(Data supplied)
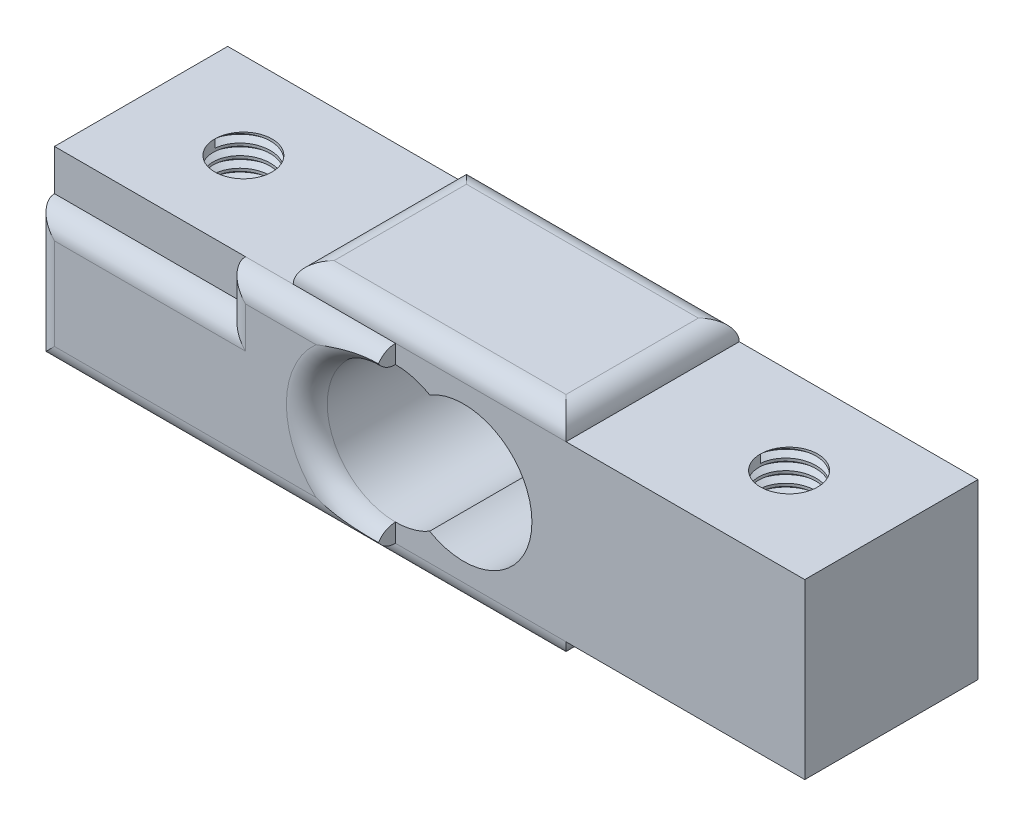
SolidWorks part; units mm, degrees
ref_plane "Front Plane" through (0, 0, 0) normal (0, 0, 1) x (1, 0, 0)
ref_plane "Top Plane" through (0, 0, 0) normal (0, 1, 0) x (1, 0, 0)
ref_plane "Right Plane" through (0, 0, 0) normal (1, 0, 0) x (0, 0, -1)
sketch "Sketch2" plane through (0, 0, 0) normal (0, 0, 1) x (1, 0, 0)
  line L1 (-27.5, -6.35) -> (27.5, -6.35)
  line L2 (-27.5, -6.35) -> (-27.5, 6.35)
  line L3 (-27.5, 6.35) -> (27.5, 6.35)
  line L4 (27.5, -6.35) -> (27.5, 6.35)
  line L5 (-27.5, -6.35) -> (27.5, 6.35) construction
  line L6 (-27.5, 6.35) -> (27.5, -6.35) construction
  point P0 (0, 0)
  dimension "D1" = 55
  dimension "D2" = 12.7
extrude "Boss-Extrude1" add sketch "Sketch2" along normal blind 12.7
sketch "Sketch3" plane through (0, 6.35, 0) normal (0, 1, 0) x (1, 0, 0)
  line L0 (-27.5, -6.35) -> (-20, -6.35) construction
  line L1 (-27.5, -12.7) -> (-27.5, 0) construction
  line L2 (27.5, -6.35) -> (20, -6.35) construction
  line L3 (27.5, -12.7) -> (27.5, 0) construction
  circle A0 centre (-20, -6.35) radius 2.5
  circle A1 centre (20, -6.35) radius 2.5
  dimension "D1" = 5
  dimension "D2" = 5
  dimension "D3" = 7.5
  dimension "D4" = 7.5
  dimension "D5" = 40
sketch "Sketch4" plane through (0, 0, 12.7) normal (0, 0, 1) x (1, 0, 0)
  line L0 (0, 0) -> (-2.5, 0) construction
  line L1 (0, 0) -> (2.5, 0) construction
  circle A0 centre (-2.5, 0) radius 5
  circle A1 centre (2.5, 0) radius 5
  dimension "D3" = 10
  dimension "D4" = 10
  dimension "D1" = 2.5
  dimension "D2" = 2.5
extrude "Cut-Extrude2" cut sketch "Sketch4" against normal blind 12.7 contours A0 A1 | A0 A1 | A1 A0 region at (0, 0, 12.7) region at (4.1051, 0, 12.7) region at (-4.1051, 0, 12.7)
sketch "Sketch5" plane through (0, 6.35, 0) normal (0, 1, 0) x (1, 0, 0)
  line L2 (-10, -6.35) -> (-10, -12.7) construction
  line L3 (27.5, -12.7) -> (-27.5, -12.7) construction
  line L4 (-10, -12.7) -> (10, -12.7) construction
  line L5 (10, -12.7) -> (10, 0) construction
  line L6 (27.5, 0) -> (-27.5, 0) construction
  line L7 (10, 0) -> (-10, 0) construction
  line L8 (-10, 0) -> (-10, -6.35) construction
  line L9 (10, -6.35) -> (27.5, -6.35) construction
  line L10 (-10, -12.7) -> (10, -12.7)
  line L11 (-10, -12.7) -> (-10, 0)
  line L12 (-10, 0) -> (10, 0)
  line L13 (10, -12.7) -> (10, 0)
  line L14 (-10, -6.35) -> (-27.5, -6.35) construction
  dimension "D1" = 20
extrude "Boss-Extrude2" add sketch "Sketch5" along normal blind 1.5
hole_wizard "Tap Drill for M5x0.8 Tap1" positions "3DSketch1" profile "Sketch8" hole size "M5x0.8" standard "ANSI Metric" end condition through all
sketch3d "3DSketch1"
  point P0 (-20, 6.35, 6.35)
  point P3 (20, 6.35, 6.35)
sketch "Sketch8" plane through (-20, 6.35, 6.35) normal (1, 0, 0) x (0, 0, 1)
  line L0 (0, 0) -> (0, 12.7)
  line L1 (0, 12.7) -> (2.1, 12.7)
  line L2 (2.1, 12.7) -> (2.1, 0)
  line L5 (2.1, 0) -> (0, 0)
  line L11 (0, -6.35) -> (0, 107.95) construction
  dimension "Thru Hole Dia." = 4.2
  dimension "Thru Hole Depth" = 12.7
fillet "Fillet1" radius 1.5 4 edges at (0, 7.85, 0) (10, 7.85, 6.35) (-10, 7.85, 6.35) (0, 7.85, 12.7)
sketch "Sketch6" plane through (0, -6.35, 0) normal (0, -1, 0) x (-1, 0, 0)
  line L0 (10, -6.35) -> (27.5, -6.35) construction
  line L1 (27.5, -12.7) -> (27.5, 0) construction
  line L2 (10, -6.35) -> (10, 0) construction
  line L3 (27.5, 0) -> (-27.5, 0) construction
  line L4 (10, 0) -> (-10, 0) construction
  line L5 (-10, 0) -> (-10, -12.7) construction
  line L6 (-10, -12.7) -> (10, -12.7) construction
  line L7 (27.5, -12.7) -> (-27.5, -12.7) construction
  line L8 (10, -12.7) -> (10, -6.35) construction
  line L10 (10, 0) -> (-10, 0)
  line L11 (10, 0) -> (10, -12.7)
  line L12 (10, -12.7) -> (-10, -12.7)
  line L13 (-10, 0) -> (-10, -12.7)
  dimension "D1" = 20
extrude "Boss-Extrude3" add sketch "Sketch6" along normal blind 1.5
fillet "Fillet2" radius 1.5 4 edges at (0, -7.85, 12.7) (10, -7.85, 6.35) (-10, -7.85, 6.35) (0, -7.85, 0)
sketch "Sketch7" plane through (0, 0, 12.7) normal (0, 0, 1) x (1, 0, 0)
  line L0 (-27.5, -6.35) -> (-27.5, 3.35) construction
  line L1 (-2.5, -6.35) -> (-2.5, -5)
  line L2 (-27.5, 6.35) -> (-27.5, -6.35) construction
  line L3 (-27.5, 3.35) -> (-13.5, 3.35) construction
  line L4 (-13.5, 3.35) -> (-13.5, 6.35) construction
  line L5 (-10, 6.35) -> (-27.5, 6.35) construction
  line L6 (-13.5, 6.35) -> (-2.5, 6.35) construction
  line L7 (10, 6.35) -> (-10, 6.35) construction
  line L8 (-27.5, -6.35) -> (-2.5, -6.35) construction
  line L9 (-10, -6.35) -> (10, -6.35) construction
  line L10 (-2.5, 6.35) -> (-13.5, 6.35)
  line L11 (-13.5, 6.35) -> (-13.5, 3.35)
  line L12 (-13.5, 3.35) -> (-27.5, 3.35)
  line L13 (-27.5, 3.35) -> (-27.5, -6.35)
  line L14 (-27.5, -6.35) -> (-2.5, -6.35)
  line L15 (-2.5, 5) -> (-2.5, 6.35)
  arc A3 (0, 4.3301) -> (0, -4.3301) centre (-2.5, 0) ccw construction
  arc A4 (-2.5, 5) -> (-2.5, -5) centre (-2.5, 0) ccw
  dimension "D1" = 9.7
  dimension "D2" = 14
extrude "Boss-Extrude4" add sketch "Sketch7" along normal blind 1.5
fillet "Fillet3" radius 1.5 6 edges at (-8, 6.35, 14.2) (-13.5, 4.85, 14.2) (-20.5, 3.35, 14.2) (-15, -6.35, 14.2) (-27.5, -1.5, 14.2) (-7.5, 0, 14.2)
thread "Thread2" pitch 0.8 method cut profile "Thread Profile2" start angle 0, offset 0, length 12.7, pitch 0.8, diameter 4.2
ref_plane "Plane2" through (17.9, 6.35, 6.35) normal (0, 0, 1) x (-1, 0, 0)
sketch "Thread Profile2" plane through (17.9, 6.35, 6.35) normal (0, 0, 1) x (-1, 0, 0)
  line L0 (0, 0) -> (0, 0.8) construction
  line L1 (0, 0) -> (0.433, 0.25)
  line L2 (0.433, 0.25) -> (0.433, 0.35)
  line L3 (0.433, 0.35) -> (0, 0.6)
  line L4 (0.433, 0.3) -> (0, 0.3) construction
  line L11 (0, 0) -> (0, 0.6)
  point P2 (0, 0)
  dimension "Pitch" = 0.8
  dimension "Profile_Angle" = 60
  dimension "Profile_Land" = 0.1
  dimension "Profile_Height" = 0.433
thread "Thread3" pitch 0.8 method cut profile "Thread Profile3" start angle 0, offset 0, length 12.7, pitch 0.8, diameter 4.2
ref_plane "Plane3" through (-22.1, 6.35, 6.35) normal (0, 0, 1) x (-1, 0, 0)
sketch "Thread Profile3" plane through (-22.1, 6.35, 6.35) normal (0, 0, 1) x (-1, 0, 0)
  line L0 (0, 0) -> (0, 0.8) construction
  line L1 (0, 0) -> (0.433, 0.25)
  line L2 (0.433, 0.25) -> (0.433, 0.35)
  line L3 (0.433, 0.35) -> (0, 0.6)
  line L4 (0.433, 0.3) -> (0, 0.3) construction
  line L11 (0, 0) -> (0, 0.6)
  point P2 (0, 0)
  dimension "Pitch" = 0.8
  dimension "Profile_Angle" = 60
  dimension "Profile_Land" = 0.1
  dimension "Profile_Height" = 0.433
sketch "Sketch17" plane through (0, 0, 0) normal (0, 0, -1) x (-1, 0, 0)
  line L0 (27.5, 6.35) -> (27.5, -6.35) construction
  line L1 (27.5, -6.35) -> (10, -6.35) construction
  line L2 (10, -6.35) -> (10, 6.35) construction
  line L3 (10, 6.35) -> (27.5, 6.35) construction
  line L4 (10, 6.35) -> (27.5, 6.35) construction
  line L5 (18.75, 6.35) -> (18.75, -6.35) construction
  line L6 (-27.5, 6.35) -> (-27.5, -6.35) construction
  line L7 (-27.5, -6.35) -> (-15, -6.35) construction
  line L8 (-10, -6.35) -> (-27.5, -6.35) construction
  line L9 (-15, -6.35) -> (-15, 6.35) construction
  line L10 (-27.5, 6.35) -> (-10, 6.35) construction
  line L11 (-15, 6.35) -> (-27.5, 6.35) construction
  line L12 (-21.25, -6.35) -> (-21.25, 6.35) construction
  point P11 (18.75, 0)
  point P16 (-21.25, 0)

(What is required)
Give again, word for word, every line from the top of the data above to the line holding "line L3 (-27.5, 6.35) -> (27.5, 6.35)", inclusive, with the pictures left out.

(Problem solution)
SolidWorks part; units mm, degrees
ref_plane "Front Plane" through (0, 0, 0) normal (0, 0, 1) x (1, 0, 0)
ref_plane "Top Plane" through (0, 0, 0) normal (0, 1, 0) x (1, 0, 0)
ref_plane "Right Plane" through (0, 0, 0) normal (1, 0, 0) x (0, 0, -1)
sketch "Sketch2" plane through (0, 0, 0) normal (0, 0, 1) x (1, 0, 0)
  line L1 (-27.5, -6.35) -> (27.5, -6.35)
  line L2 (-27.5, -6.35) -> (-27.5, 6.35)
  line L3 (-27.5, 6.35) -> (27.5, 6.35)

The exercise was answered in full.